You can try all of the recurve systems, and see how that works for you shooting compound.
See if ANY of the recurve systems tighten up your groups for COMPOUND.

Notice, that Limbwalker, a former USA Olympic recurve archery, states explicitly that he NEVER comments on compound archery posts. Why not? Cuz he shoots Olympic RECURVE, he shoots recurve barebow.


----------



## nuts&bolts (Mar 25, 2005)

Fernlicht said:


> Hello,
> 
> I‘ve changed the club and there are Olympic recurve coaches, but I’m shooting compound.
> Now they tell me I should work on:
> ...


Sooo, other things that NTS says to do for recurve.
1) lock your knees (serious)...(NTS for recurve)

2) yup, the anterior rotation of the pelvis, and pull down the sternum, make your tummy concave to flatten lower back (NTS for recurve)

3) let's not forget barrel of the gun, make a WEDGE (NTS for recurve)



Barrel of the gun refers to the two shoulder blades and the bow arm elbow and the bow arm wrist all in one line, like a rifle barrel (NTS for recurve)

4) so, we want an "open" stance...see tips of the recurve guys shoes...more than a slight open stance, so when you combine the open stance for the feet/shoes and the WEDGE for the top side (shoulders), Yup, we are talking a serious amount of TWIST at the waist...the lower body/shoes are pointing towards the left side of the target, and the collar bones are cranked clockwise right, so the collar bones, the shoulders, the bow arm (barrel of the gun) are pointing at the RIGHT side of the target...(NTS for recurve)

So, if u like, go ahead and try all four of these parts of the NTS for recurve
and see how this works when you shoot compound. See if your groups get TIGHTER using NTS concepts transferred over to compound.

So, for RECURVE, we have ZERO percent letoff, meaning the POUNDS on the fingers go ever HIGHER as you reach full draw and anchor.

So, for COMPOUND, we have 55% letoff, or 60% letoff, or 65% letoff, or 75% letoff, or 80% letoff, or even 90% letoff. So, say a 60 lb compound bow, with 75% letoff, means we are holding 15 POUNDS on the release, at full draw.

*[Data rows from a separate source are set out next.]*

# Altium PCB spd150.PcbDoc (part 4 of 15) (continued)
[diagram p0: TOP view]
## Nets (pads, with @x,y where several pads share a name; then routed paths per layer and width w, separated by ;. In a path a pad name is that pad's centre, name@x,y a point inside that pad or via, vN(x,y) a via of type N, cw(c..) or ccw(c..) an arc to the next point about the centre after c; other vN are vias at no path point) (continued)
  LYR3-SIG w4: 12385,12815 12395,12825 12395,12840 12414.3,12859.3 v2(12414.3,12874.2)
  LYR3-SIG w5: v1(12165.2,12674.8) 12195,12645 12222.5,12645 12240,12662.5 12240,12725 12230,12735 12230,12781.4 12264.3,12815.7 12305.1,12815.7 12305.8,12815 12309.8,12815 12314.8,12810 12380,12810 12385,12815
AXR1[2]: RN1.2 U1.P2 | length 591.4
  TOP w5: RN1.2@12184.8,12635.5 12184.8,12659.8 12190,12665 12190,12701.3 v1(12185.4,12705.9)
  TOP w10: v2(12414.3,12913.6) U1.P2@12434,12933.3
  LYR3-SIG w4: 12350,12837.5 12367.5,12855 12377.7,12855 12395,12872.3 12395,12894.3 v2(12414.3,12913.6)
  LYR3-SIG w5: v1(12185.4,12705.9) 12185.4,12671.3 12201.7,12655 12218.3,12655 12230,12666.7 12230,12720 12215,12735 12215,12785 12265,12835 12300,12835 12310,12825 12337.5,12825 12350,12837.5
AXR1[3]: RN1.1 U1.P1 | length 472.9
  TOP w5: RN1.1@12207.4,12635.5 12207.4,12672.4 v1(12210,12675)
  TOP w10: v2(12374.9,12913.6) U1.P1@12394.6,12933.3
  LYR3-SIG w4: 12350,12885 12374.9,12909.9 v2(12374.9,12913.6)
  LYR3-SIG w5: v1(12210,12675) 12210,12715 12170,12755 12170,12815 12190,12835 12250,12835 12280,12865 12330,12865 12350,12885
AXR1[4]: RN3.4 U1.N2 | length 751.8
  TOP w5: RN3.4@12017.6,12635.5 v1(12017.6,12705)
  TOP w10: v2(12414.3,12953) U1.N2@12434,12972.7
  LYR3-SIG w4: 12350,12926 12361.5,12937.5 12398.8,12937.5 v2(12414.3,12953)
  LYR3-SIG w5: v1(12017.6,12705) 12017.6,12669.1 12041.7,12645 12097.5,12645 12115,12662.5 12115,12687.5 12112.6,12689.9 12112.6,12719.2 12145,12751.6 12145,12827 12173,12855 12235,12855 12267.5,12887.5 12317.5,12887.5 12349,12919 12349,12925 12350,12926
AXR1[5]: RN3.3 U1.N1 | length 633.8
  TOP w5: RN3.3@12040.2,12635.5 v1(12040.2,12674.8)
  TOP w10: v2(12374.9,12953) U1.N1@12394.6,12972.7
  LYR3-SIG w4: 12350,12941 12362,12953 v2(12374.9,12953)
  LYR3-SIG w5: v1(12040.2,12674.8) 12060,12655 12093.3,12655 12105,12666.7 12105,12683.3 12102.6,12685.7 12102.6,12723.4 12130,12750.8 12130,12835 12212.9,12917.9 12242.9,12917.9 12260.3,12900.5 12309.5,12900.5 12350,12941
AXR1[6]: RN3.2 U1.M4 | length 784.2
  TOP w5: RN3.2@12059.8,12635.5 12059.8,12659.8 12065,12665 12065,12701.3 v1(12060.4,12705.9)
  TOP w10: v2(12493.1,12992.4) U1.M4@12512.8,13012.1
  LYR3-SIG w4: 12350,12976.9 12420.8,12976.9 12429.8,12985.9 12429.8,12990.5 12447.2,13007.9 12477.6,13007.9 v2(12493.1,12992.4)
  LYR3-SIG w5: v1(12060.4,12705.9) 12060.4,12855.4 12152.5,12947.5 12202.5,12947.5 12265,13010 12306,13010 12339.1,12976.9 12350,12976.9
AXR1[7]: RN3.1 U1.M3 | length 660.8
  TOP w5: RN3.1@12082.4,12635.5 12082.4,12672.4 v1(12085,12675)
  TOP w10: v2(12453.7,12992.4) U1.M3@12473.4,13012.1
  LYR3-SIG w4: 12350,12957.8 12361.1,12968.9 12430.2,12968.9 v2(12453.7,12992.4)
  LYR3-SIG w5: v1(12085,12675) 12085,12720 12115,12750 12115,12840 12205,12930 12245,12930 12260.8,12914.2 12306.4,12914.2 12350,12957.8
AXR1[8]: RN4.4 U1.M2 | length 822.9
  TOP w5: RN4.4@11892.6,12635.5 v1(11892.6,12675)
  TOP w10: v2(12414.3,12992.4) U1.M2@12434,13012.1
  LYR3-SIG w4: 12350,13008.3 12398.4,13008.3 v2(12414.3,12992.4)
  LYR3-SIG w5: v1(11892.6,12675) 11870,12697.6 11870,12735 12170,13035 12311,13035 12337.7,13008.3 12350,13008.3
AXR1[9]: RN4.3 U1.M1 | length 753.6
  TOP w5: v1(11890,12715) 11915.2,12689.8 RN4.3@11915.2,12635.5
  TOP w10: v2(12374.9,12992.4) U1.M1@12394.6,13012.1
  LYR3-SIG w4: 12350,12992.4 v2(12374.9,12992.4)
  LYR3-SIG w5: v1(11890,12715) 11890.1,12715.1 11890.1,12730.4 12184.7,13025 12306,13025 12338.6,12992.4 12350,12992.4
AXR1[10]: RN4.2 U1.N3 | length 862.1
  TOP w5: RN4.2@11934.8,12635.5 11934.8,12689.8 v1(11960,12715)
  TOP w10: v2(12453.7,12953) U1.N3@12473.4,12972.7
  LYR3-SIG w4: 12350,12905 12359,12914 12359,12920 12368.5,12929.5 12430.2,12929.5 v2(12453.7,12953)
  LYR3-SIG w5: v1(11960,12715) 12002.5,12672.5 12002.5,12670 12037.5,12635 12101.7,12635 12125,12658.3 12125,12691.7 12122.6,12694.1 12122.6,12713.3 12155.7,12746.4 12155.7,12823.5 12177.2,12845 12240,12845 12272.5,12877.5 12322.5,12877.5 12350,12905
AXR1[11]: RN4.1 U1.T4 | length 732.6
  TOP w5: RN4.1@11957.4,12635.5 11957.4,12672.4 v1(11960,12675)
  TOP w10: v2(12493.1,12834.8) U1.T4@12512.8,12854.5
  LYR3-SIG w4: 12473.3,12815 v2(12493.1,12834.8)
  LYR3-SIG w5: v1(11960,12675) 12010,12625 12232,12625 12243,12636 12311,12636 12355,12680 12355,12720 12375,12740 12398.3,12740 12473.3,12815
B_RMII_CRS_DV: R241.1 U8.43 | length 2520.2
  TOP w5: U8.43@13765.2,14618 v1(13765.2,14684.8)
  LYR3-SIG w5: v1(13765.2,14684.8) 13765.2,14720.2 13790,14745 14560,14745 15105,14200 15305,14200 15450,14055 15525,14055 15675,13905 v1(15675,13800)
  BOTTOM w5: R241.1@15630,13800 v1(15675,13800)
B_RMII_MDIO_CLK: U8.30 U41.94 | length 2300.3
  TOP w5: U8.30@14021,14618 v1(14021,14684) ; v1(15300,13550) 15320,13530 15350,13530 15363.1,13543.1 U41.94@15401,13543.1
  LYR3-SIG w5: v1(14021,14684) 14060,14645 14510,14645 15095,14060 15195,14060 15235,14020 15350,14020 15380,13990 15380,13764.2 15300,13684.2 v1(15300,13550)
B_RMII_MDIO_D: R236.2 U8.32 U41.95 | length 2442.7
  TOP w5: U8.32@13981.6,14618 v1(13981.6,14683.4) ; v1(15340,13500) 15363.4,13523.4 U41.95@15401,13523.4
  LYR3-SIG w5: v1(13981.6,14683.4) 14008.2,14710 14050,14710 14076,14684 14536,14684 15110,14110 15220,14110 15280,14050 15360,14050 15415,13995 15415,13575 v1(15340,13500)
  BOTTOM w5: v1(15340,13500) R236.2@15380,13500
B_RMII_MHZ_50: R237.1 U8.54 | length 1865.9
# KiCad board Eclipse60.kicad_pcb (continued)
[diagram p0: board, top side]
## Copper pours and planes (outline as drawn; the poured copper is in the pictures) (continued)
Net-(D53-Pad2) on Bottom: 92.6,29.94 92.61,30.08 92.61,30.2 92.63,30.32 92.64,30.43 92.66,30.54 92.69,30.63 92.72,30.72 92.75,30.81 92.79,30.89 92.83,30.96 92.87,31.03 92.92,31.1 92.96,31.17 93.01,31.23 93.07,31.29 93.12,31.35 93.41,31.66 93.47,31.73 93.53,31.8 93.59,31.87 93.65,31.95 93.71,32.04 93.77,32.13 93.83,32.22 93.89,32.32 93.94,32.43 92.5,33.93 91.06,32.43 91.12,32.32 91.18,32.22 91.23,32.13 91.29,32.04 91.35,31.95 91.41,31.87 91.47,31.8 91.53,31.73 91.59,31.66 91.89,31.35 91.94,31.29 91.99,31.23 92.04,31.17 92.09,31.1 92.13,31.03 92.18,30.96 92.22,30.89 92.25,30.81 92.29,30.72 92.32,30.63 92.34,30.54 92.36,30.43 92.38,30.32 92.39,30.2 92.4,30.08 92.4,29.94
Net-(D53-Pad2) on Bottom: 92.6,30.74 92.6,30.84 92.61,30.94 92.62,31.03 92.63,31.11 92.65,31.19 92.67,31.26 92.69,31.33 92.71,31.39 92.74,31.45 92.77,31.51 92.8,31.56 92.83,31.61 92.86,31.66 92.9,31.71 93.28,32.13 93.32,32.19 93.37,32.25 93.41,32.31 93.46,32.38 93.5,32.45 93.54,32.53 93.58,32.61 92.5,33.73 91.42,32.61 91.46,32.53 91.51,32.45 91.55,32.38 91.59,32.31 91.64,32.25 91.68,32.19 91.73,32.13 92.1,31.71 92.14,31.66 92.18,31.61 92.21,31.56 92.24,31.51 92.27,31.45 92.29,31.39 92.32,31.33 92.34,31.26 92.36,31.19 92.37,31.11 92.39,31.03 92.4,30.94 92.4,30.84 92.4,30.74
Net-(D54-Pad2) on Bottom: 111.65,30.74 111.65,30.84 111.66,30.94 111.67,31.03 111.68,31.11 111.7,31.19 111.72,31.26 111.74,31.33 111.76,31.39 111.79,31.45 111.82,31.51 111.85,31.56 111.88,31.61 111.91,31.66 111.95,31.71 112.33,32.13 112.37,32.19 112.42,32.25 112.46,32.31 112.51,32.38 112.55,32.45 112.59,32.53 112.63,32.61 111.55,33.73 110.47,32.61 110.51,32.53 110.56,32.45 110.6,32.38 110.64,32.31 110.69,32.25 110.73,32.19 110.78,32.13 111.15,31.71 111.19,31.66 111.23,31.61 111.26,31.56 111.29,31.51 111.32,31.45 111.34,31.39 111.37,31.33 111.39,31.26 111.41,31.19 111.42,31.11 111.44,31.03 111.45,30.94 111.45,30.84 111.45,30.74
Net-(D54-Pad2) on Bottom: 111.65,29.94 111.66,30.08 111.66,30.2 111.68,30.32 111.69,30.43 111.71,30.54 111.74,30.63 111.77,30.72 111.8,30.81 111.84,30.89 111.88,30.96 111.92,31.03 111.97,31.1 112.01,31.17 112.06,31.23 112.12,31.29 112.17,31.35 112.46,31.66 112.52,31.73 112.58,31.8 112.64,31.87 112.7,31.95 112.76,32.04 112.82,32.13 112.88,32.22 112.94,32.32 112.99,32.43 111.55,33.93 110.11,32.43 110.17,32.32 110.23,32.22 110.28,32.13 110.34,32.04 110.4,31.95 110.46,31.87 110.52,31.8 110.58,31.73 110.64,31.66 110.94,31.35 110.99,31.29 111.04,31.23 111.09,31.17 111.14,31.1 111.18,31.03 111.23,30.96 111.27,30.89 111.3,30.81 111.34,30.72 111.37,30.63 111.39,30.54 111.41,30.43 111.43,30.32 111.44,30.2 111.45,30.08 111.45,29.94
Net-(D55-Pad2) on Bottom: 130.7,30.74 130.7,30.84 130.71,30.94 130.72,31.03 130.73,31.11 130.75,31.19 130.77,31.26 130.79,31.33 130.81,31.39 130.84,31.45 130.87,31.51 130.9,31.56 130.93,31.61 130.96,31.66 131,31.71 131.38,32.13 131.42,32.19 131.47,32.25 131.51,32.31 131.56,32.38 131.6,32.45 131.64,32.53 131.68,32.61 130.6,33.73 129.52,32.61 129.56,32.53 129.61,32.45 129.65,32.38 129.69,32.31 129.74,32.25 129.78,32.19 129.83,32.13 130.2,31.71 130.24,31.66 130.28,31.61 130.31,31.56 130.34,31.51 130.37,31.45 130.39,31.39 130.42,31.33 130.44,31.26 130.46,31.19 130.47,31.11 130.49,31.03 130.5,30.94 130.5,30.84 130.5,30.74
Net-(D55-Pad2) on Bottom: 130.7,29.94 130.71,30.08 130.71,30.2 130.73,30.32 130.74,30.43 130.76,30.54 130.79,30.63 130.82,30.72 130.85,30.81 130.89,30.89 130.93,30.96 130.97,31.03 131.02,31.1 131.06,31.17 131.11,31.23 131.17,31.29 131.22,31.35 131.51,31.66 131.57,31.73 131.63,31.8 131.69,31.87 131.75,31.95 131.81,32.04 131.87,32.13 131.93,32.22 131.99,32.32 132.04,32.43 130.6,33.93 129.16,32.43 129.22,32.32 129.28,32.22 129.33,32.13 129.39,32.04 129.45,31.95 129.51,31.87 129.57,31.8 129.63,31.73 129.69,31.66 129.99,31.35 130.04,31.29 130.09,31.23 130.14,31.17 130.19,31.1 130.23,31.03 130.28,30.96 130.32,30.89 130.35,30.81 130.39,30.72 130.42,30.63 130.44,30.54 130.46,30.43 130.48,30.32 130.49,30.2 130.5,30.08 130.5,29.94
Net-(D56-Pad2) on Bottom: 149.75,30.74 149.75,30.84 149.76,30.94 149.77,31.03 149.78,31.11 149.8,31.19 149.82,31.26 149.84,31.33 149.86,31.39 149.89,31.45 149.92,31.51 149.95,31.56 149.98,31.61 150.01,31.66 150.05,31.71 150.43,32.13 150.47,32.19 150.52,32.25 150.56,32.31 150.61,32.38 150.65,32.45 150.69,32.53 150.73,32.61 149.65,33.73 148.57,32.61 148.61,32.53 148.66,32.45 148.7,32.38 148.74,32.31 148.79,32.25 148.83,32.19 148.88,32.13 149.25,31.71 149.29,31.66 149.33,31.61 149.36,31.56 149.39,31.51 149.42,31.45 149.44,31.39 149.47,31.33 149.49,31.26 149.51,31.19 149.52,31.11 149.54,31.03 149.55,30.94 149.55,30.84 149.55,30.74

Ever try to shoot 15 POUNDS on the FINGERS, with a recurve bow, using the NTS methods?
A recurve bow at 15 POUNDS on the fingers becomes EXTREMELY finicky, and very very unforgiving if your technique is NOT super precise. Shooting 40 lbs OTF or 50 lbs OTF, you get a much cleaner fingers release, using whatever recurve techinque you are using...LINEAR, or Angular, or NTS, or Korean or Heretic Archery style.

So, what am I saying?
NTS for a compound bow, will not transfer over easily...not when shooting a medium-ish or higher letoff percentage compound bow, when the HOLDING weight is less than 25 lbs on the RELEASE. 

If shooting 60 lbs of draw weight, and shooting 60% letoff, we have 24 lbs HOLDING weight. NTS might work at this level of holding weight...on a compound bow.

If shooting 60 lbs of draw weight, and shooting 80% letoff, NOW we have 12 lbs HOLDING weight. NTS will not work well, will not be easy to execute, at only 12 POUNDS of holding weight...on a compound bow.

*If shooting 60 lbs of draw weight, and shooting 90% letoff, NOW we have 6 lbs HOLDING weight. NTS will not work well at only 6 POUNDS of holding weight...on a compound bow.*


----------



## Fernlicht (Mar 14, 2021)

Thx for explaining. I will then safe my time with those coaches. But is there any system for compound?


----------



## nuts&bolts (Mar 25, 2005)

Fernlicht said:


> Thx for explaining. I will then safe my time with those coaches. But is there any system for compound?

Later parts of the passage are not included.